▶ Task statement
If a line in the data holds "SampleTime", copy that line out in full.

Data for review Block Start

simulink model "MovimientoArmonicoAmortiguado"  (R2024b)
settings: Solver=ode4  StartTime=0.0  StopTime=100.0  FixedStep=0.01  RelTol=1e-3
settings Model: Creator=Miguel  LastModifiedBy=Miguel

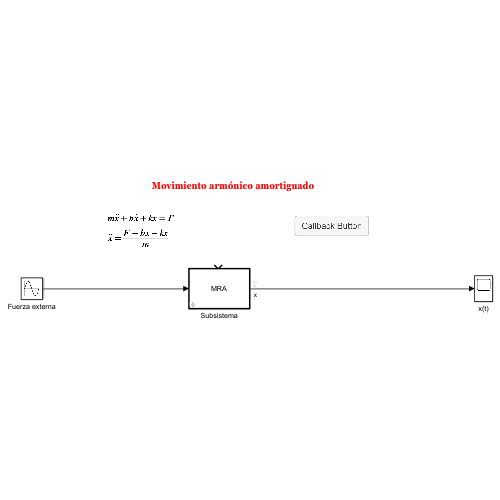
[thumbnail: Simulink's stored preview of the top-level diagram]
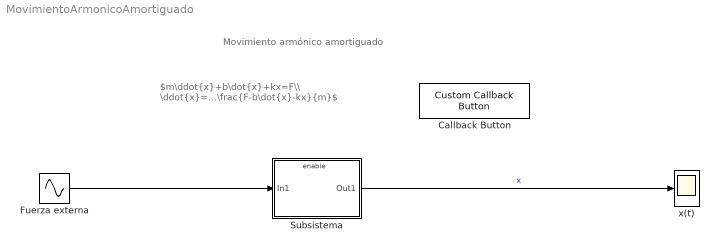
== system MovimientoArmonicoAmortiguado ==
  note: $m\ddot{x}+b\dot{x}+kx=F\\ \ddot{x}=\frac{F-b\dot{x}-kx}{m}$
  note: Movimiento armónico amortiguado
  Callback Button : CustomCallbackButton  Configuration="{\"components\":[{\"name\":\"BackgroundImageComponent\",\"settings\":{\"image\":{\"size\":[0,0],\"src\":\"default\",\"srcOrientation\":\"Right\"},\"position\":[0,0,1,1]}},{\"name\":\"ButtonStateComponent\",\"settings\":{\"buttonType\":\"momentary\",\"clickFcn\":\"close all\\nx = out.posicion;\\nv = out.velocidad;\\nn = length(x(1,:));\\n\\nplot(x(:,2),v(:,2),'LineWidth',3)\\nhold on\\n\\nfor k=3:n\\n    plot(x(:,k),v(:,k),'LineWidth',3)\\nend\\n\\nxlabel('$x$','Interpreter','latex','FontSize',14)\\nxlabel('$\\\\dot{x}$','Interpreter','latex','FontSize',14)\\ngrid on\\nhold off\",\"onValue\":1,\"position\":[0,0,1,1],\"pressDelay\":\"500\",\"pressFcn\":\"\",\"repeatInterval\":\"0\",\"states\":[{\"horizontalAlignment\":\"center\",\"image\":{\"position\":[0,0,1,1],\"size\":[1,1],\"src\":\"default\",\"srcOrientation\":\"Right\"},\"label\":{\"color\":[0.01176470588,0.01176470588,0.01176470588,1],\"icon\":{\"size\":[0,0],\"src\":\"default\",\"srcOrientation\":\"Right\"},\"iconOffset\":0,\"iconPlacement\":\"left\",\"opacity\":1,\"show\":true,\"text\":{\"content\":\"Callback Button\",\"font\":\"Helvetica\"}},\"labelOffset\":[0,0],\"verticalAlignment\":\"middle\"},{\"horizontalAlignment\":\"center\",\"image\":{\"position\":[0,0,1,1],\"size\":[1,1],\"src\":\"default\",\"srcOrientation\":\"Right\"},\"label\":{\"color\":[0.01176470588,0.01176470588,0.01176470588,1],\"icon\":{\"size\":[0,0],\"src\":\"default\",\"srcOrientation\":\"Right\"},\"iconOffset\":0,\"iconPlacement\":\"left\",\"opacity\":1,\"show\":true,\"text\":{\"content\":\"Callback Button\",\"font\":\"Helvetica\"}},\"labelOffset\":[0,0],\"verticalAlignment\":\"middle\"},{\"horizontalAlignment\":\"center\",\"image\":{\"position\":[0,0,1,1],\"size\":[1,1],\"src\":\"default\",\"srcOrientation\":\"Right\"},\"label\":{\"color\":[0.01176470588,0.01176470588,0.01176470588,1],\"icon\":{\"size\":[0,0],\"src\":\"default\",\"srcOrientation\":\"Right\"},\"iconOffset\":0,\"iconPlacement\":\"left\",\"opacity\":1,\"show\":true,\"text\":{\"content\":\"Callback Button\",\"font\":\"Helvetica\"}},\"labelOffset\":[0,0],\"verticalAlignment\":\"middle\"},{\"horizontalAlignment\":\"center\",\"image\":{\"position\":[0,0,1,1],\"size\":[1,1],\"src\":\"default\",\"srcOrientation\":\"Right\"},\"label\":{\"color\":[0.01176470588,0.01176470588,0.01176470588,1],\"icon\":{\"size\":[0,0],\"src\":\"default\",\"srcOrientation\":\"Right\"},\"iconOffset\":0,\"iconPlacement\":\"left\",\"opacity\":1,\"show\":true,\"text\":{\"content\":\"Callback Button\",\"font\":\"Helvetica\"}},\"labelOffset\":[0,0],\"verticalAlignment\":\"middle\"}]}},{\"name\":\"ForegroundImageComponent\",\"settings\":{\"image\":{\"size\":[0,0],\"src\":\"default\",\"srcOrientation\":\"Right\"},\"isForeground\":1,\"position\":[0,0,1,1]}}],\"settings\":{\"BindingType\":\"standalone\",\"backgroundColor\":[244,244,244,1],\"backgroundOffset\":0.2,\"backgroundOpacity\":1,\"fixedAspectRatio\":\"off\",\"foregroundColor\":[0.01176470588,0.01176470588,0.01176470588,1],\"migratedFromLegacy\":true,\"useBackgroundColor\":true,\"variant\":\"callback\",\"version\":\"R2023a\"},\"type\":\"Button\"}"  CustomBackgroundColor="{\"color\":[0.9568627451,0.9568627451,0.9568627451],\"show\":true}"
  Fuerza externa : Sin  Amplitude=0  Frequency=1/(2*pi)  SampleTime=0
  Subsistema : Subsystem  mask{m=1, k=1, b=0.25}
      mask prompts: m "masa"; k "resorte"; b "amortiguador"
      mask Display: disp('MRA')
  x(t) : Scope
  wires:
  Subsistema/1(Out1) -> x(t)/1  "x"
  Fuerza externa/1 -> Subsistema/1(In1)

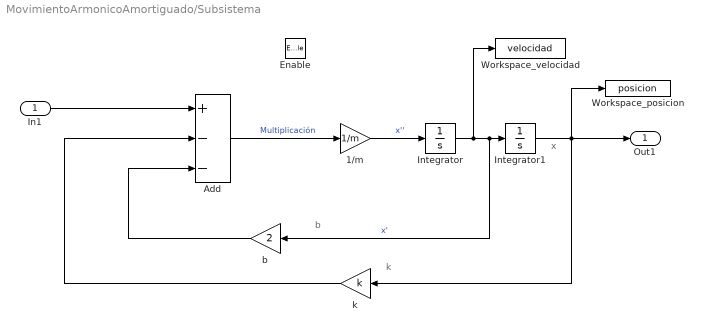
== system MovimientoArmonicoAmortiguado/Subsistema ==
  note: k
  note: b
  note: x
  In1 : Inport
  Enable : EnablePort
  1/m : Gain  Gain=1/m
  Add : Sum  Inputs=+--
  Integrator : Integrator
  Integrator1 : Integrator  InitialCondition=linspace(-1,1,20)
  Workspace_posicion : ToWorkspace  VariableName=posicion  SampleTime=-1
  Workspace_velocidad : ToWorkspace  VariableName=velocidad  SampleTime=-1
  b : Gain  Gain=2
  k : Gain  Gain=k
  Out1 : Outport
  wires:
  Integrator/1 -> b/1, Integrator1/1, Workspace_velocidad/1  "x'"
  Add/1 -> 1/m/1  "Multiplicación"
  1/m/1 -> Integrator/1  "x''"
  k/1 -> Add/2
  Integrator1/1 -> Workspace_posicion/1, Out1/1, k/1
  b/1 -> Add/3
  In1/1 -> Add/1

Data for review Block End

▶ Result for this task
  Fuerza externa : Sin  Amplitude=0  Frequency=1/(2*pi)  SampleTime=0
  Workspace_posicion : ToWorkspace  VariableName=posicion  SampleTime=-1
  Workspace_velocidad : ToWorkspace  VariableName=velocidad  SampleTime=-1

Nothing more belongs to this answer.